Page 1 of 1

Over 200 terabytes of the government web archived

Posted: Sat Jul 12, 2025 5:43 am
by asimm22
In our December post, “Preserving U.S. Government Websites and Data as the Obama Term Ends,” we described our participation in the End of Term Web Archive project to preserve federal government websites and data at times of administration changes. We wanted to give a quick update on the project — we have archived a heck of a lot of data!

Between Fall 2016 and Spring 2017, the Internet Archive archived over 200 terabytes of government websites and data. This includes over 100TB of public websites and over 100TB of whatsapp lead public data from federal FTP file servers totaling, together, over 350 million URLs/files. This includes over 70 million html pages, over 40 million PDFs and, towards the other end of the spectrum and for semantic web aficionados, 8 files of the text/turtle mime type. Other End of Term partners have also been vigorously preserving websites and data from the .gov/.mil web domains.

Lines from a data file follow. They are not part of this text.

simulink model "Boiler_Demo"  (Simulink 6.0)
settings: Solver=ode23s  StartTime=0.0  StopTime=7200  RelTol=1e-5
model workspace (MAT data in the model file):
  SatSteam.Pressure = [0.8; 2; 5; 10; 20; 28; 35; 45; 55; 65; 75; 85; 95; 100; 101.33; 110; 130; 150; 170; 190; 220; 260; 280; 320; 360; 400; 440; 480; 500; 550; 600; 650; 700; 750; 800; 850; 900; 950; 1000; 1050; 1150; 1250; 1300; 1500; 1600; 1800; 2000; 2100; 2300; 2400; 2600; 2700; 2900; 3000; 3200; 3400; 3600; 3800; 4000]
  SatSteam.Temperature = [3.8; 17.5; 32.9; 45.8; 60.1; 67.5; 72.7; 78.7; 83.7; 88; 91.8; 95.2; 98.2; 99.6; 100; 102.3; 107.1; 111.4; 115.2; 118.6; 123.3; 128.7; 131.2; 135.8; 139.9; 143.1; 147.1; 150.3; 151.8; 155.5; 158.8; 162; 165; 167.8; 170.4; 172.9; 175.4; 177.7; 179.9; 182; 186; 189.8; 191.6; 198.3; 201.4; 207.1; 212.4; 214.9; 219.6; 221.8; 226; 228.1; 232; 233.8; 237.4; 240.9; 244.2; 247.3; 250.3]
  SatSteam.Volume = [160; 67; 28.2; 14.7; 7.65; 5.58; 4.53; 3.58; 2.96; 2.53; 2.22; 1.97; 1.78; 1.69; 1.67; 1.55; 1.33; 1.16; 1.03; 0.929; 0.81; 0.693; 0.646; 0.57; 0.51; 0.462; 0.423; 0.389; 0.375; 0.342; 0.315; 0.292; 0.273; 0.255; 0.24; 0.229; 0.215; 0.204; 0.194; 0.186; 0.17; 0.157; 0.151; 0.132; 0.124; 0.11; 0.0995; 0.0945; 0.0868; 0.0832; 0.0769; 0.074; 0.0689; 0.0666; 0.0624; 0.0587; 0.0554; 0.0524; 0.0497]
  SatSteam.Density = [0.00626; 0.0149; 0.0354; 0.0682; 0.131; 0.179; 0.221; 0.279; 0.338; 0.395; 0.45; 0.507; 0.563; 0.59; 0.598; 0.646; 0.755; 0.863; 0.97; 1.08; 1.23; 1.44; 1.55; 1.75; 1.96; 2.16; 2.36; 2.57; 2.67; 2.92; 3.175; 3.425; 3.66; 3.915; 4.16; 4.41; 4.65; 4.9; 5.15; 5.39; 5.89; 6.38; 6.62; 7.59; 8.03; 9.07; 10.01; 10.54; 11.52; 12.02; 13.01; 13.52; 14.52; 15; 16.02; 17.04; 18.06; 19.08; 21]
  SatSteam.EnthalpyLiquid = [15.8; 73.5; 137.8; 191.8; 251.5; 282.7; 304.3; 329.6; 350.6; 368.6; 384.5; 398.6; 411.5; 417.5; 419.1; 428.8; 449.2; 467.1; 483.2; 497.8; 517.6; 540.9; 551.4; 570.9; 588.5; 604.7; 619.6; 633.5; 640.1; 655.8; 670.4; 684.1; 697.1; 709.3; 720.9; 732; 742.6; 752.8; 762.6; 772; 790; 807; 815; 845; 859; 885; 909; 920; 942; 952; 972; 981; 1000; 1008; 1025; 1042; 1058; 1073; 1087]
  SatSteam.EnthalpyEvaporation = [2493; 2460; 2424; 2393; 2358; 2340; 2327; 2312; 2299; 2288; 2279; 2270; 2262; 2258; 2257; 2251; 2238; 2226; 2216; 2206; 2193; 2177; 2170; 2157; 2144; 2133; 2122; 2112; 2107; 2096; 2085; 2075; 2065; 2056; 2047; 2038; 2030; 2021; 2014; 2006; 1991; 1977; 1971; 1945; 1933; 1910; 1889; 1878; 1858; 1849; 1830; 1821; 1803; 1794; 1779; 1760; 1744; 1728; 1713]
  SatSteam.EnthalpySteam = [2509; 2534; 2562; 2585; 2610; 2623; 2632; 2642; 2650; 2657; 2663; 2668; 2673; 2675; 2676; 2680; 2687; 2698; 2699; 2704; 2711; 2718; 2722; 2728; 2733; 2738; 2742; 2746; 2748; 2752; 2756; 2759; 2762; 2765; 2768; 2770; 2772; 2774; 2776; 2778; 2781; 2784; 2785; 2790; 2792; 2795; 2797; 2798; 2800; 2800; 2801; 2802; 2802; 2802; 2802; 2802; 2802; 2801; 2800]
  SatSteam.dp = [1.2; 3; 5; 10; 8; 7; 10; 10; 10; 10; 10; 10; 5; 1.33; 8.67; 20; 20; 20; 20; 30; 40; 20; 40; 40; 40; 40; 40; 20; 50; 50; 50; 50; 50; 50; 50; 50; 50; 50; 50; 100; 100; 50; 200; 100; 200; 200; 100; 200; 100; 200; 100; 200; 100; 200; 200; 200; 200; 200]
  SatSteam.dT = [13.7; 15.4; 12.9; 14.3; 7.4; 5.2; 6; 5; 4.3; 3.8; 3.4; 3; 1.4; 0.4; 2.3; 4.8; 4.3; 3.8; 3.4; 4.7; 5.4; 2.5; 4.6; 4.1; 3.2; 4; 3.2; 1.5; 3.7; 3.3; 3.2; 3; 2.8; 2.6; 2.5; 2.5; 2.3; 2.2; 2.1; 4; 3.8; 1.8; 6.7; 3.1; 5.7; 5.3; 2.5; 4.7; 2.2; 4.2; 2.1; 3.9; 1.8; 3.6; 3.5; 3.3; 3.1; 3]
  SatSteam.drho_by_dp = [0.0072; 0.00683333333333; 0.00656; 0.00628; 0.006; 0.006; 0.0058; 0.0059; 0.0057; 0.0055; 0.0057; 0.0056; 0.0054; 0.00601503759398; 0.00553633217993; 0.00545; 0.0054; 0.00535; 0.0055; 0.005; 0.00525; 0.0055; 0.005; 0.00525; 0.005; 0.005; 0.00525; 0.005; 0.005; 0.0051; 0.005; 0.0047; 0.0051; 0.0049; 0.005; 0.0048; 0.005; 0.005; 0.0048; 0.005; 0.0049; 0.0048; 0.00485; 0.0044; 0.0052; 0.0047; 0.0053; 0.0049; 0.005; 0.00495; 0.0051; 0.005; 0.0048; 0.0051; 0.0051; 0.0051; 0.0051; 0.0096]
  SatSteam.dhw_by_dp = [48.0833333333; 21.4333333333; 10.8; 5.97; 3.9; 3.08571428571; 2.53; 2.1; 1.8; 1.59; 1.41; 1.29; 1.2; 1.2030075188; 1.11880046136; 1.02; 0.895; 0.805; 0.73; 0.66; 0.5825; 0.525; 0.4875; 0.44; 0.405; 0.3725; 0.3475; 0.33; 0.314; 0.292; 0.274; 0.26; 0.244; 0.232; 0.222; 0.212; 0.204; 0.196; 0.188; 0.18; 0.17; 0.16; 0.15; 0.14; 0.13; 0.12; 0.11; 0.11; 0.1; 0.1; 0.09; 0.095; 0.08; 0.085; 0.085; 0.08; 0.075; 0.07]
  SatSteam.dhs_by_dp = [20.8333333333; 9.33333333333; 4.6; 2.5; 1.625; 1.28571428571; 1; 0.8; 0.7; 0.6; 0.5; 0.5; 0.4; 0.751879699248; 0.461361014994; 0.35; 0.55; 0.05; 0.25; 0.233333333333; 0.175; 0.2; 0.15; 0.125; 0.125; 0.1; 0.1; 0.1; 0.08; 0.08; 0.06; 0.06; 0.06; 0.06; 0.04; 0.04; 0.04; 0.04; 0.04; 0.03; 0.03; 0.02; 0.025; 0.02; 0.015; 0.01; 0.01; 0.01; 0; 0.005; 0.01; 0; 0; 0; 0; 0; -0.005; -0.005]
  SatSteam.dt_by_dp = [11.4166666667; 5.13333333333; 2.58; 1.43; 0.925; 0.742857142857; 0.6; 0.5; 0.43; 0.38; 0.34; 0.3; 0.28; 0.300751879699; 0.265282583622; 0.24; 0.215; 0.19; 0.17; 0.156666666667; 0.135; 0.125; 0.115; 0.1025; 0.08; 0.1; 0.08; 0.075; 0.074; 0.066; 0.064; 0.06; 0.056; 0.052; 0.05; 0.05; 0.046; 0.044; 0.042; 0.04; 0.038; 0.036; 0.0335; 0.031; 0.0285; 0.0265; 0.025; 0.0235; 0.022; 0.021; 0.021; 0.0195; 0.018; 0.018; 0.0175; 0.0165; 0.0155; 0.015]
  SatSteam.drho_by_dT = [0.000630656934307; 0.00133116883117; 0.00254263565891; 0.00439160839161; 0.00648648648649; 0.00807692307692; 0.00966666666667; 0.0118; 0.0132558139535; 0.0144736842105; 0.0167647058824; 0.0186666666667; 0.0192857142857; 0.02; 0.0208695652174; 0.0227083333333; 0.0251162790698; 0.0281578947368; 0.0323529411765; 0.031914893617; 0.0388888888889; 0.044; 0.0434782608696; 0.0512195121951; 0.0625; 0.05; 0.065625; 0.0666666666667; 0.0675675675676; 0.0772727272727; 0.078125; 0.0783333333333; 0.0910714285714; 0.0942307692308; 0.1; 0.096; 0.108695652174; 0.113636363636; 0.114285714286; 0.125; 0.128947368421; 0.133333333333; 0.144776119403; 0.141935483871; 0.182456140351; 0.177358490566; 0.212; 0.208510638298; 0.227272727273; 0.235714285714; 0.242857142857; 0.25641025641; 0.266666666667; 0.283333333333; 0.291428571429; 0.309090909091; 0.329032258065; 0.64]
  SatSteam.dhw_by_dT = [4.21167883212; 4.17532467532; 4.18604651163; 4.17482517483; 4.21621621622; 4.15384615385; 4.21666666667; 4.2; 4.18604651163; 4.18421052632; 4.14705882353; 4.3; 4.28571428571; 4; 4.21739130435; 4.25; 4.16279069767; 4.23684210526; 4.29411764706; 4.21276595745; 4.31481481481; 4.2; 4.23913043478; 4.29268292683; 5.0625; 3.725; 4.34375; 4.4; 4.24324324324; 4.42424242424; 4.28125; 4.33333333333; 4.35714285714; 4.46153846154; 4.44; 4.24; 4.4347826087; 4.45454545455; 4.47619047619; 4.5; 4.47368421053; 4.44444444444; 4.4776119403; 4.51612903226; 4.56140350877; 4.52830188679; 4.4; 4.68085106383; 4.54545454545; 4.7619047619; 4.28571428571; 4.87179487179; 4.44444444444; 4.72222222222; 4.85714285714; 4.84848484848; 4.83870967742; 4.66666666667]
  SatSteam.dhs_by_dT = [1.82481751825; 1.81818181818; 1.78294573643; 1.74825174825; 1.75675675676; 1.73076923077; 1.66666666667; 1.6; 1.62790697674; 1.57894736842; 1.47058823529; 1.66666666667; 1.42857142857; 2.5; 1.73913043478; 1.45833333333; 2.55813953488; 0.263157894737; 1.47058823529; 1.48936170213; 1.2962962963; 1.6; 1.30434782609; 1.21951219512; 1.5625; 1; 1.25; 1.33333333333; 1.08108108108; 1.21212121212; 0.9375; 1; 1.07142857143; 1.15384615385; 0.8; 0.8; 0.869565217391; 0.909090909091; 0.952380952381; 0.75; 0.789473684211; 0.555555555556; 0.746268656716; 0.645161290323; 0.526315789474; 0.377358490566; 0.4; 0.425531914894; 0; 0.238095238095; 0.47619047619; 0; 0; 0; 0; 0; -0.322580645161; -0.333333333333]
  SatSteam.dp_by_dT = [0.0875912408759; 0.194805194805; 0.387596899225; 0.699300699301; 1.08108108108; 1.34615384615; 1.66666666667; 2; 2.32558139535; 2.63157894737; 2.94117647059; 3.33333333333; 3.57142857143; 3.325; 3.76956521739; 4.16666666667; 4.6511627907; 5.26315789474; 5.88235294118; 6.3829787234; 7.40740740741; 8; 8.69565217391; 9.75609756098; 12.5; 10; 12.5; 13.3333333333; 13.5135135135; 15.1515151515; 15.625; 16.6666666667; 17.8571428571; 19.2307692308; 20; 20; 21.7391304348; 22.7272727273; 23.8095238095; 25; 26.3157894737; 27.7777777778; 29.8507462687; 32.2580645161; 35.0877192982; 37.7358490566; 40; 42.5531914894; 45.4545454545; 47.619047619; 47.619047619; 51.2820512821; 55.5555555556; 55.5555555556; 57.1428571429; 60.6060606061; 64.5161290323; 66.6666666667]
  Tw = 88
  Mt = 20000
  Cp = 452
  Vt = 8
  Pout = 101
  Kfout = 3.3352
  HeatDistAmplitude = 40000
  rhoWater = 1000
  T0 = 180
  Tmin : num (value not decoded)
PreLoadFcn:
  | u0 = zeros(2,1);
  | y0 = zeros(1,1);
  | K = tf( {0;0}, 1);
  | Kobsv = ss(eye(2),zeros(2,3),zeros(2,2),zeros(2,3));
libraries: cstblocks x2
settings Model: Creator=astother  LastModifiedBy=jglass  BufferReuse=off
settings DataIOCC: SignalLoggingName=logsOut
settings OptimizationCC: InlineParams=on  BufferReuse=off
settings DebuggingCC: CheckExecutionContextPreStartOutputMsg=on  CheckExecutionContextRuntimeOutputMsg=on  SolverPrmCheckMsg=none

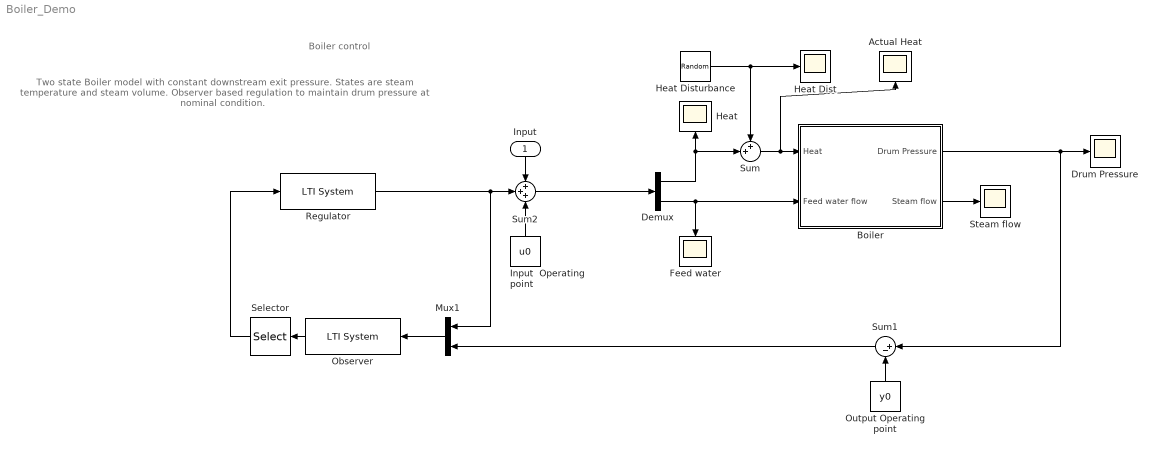
== system Boiler_Demo ==
  note: Two state Boiler model with constant downstream exit pressure.
      | States are steam temperature and steam volume. Observer based regulation
      | to maintain drum pressure at nominal condition.
  note: Boiler control
  Input : Inport  Orientation=down  PortDimensions=2  LatchInput=off
  Actual Heat : Scope
      settings: Orientation=up  TimeRange=4000  YMin=240200  YMax=240800  SaveName=ActualHeat
  Boiler : Subsystem  PropExecContextAcrossSSBoundary=on
  Demux : Demux  Outputs=2
  Drum Pressure : Scope
      settings: TimeRange=8000  YMin=990  YMax=1015  SaveName=DrumPressure
  Feed water : Scope
      settings: Orientation=down  TimeRange=8000  YMin=92  YMax=106  SaveName=FeedWater
  Heat : Scope
      settings: Orientation=up  TimeRange=8000  YMin=240950  YMax=241200  SaveName=Heat
  Heat Dist : Scope
      settings: TimeRange=4000  YMin=-150000  YMax=200000  SaveName=HeatDist
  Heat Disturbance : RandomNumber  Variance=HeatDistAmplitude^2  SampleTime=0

Every web page we have archived is accessible through the Wayback Machine and we are working to add the 2016 harvest to the main End of Term portal soon. While we continue to analyze this collection, we posted some preliminary statistics using the new Wayback Machine’s summary interface for this specific collection, which can be found on the End of Term (EOT 2016) summary stats page; those and additional stats are served via a public EOT 2016 stats API and the full collection is also available.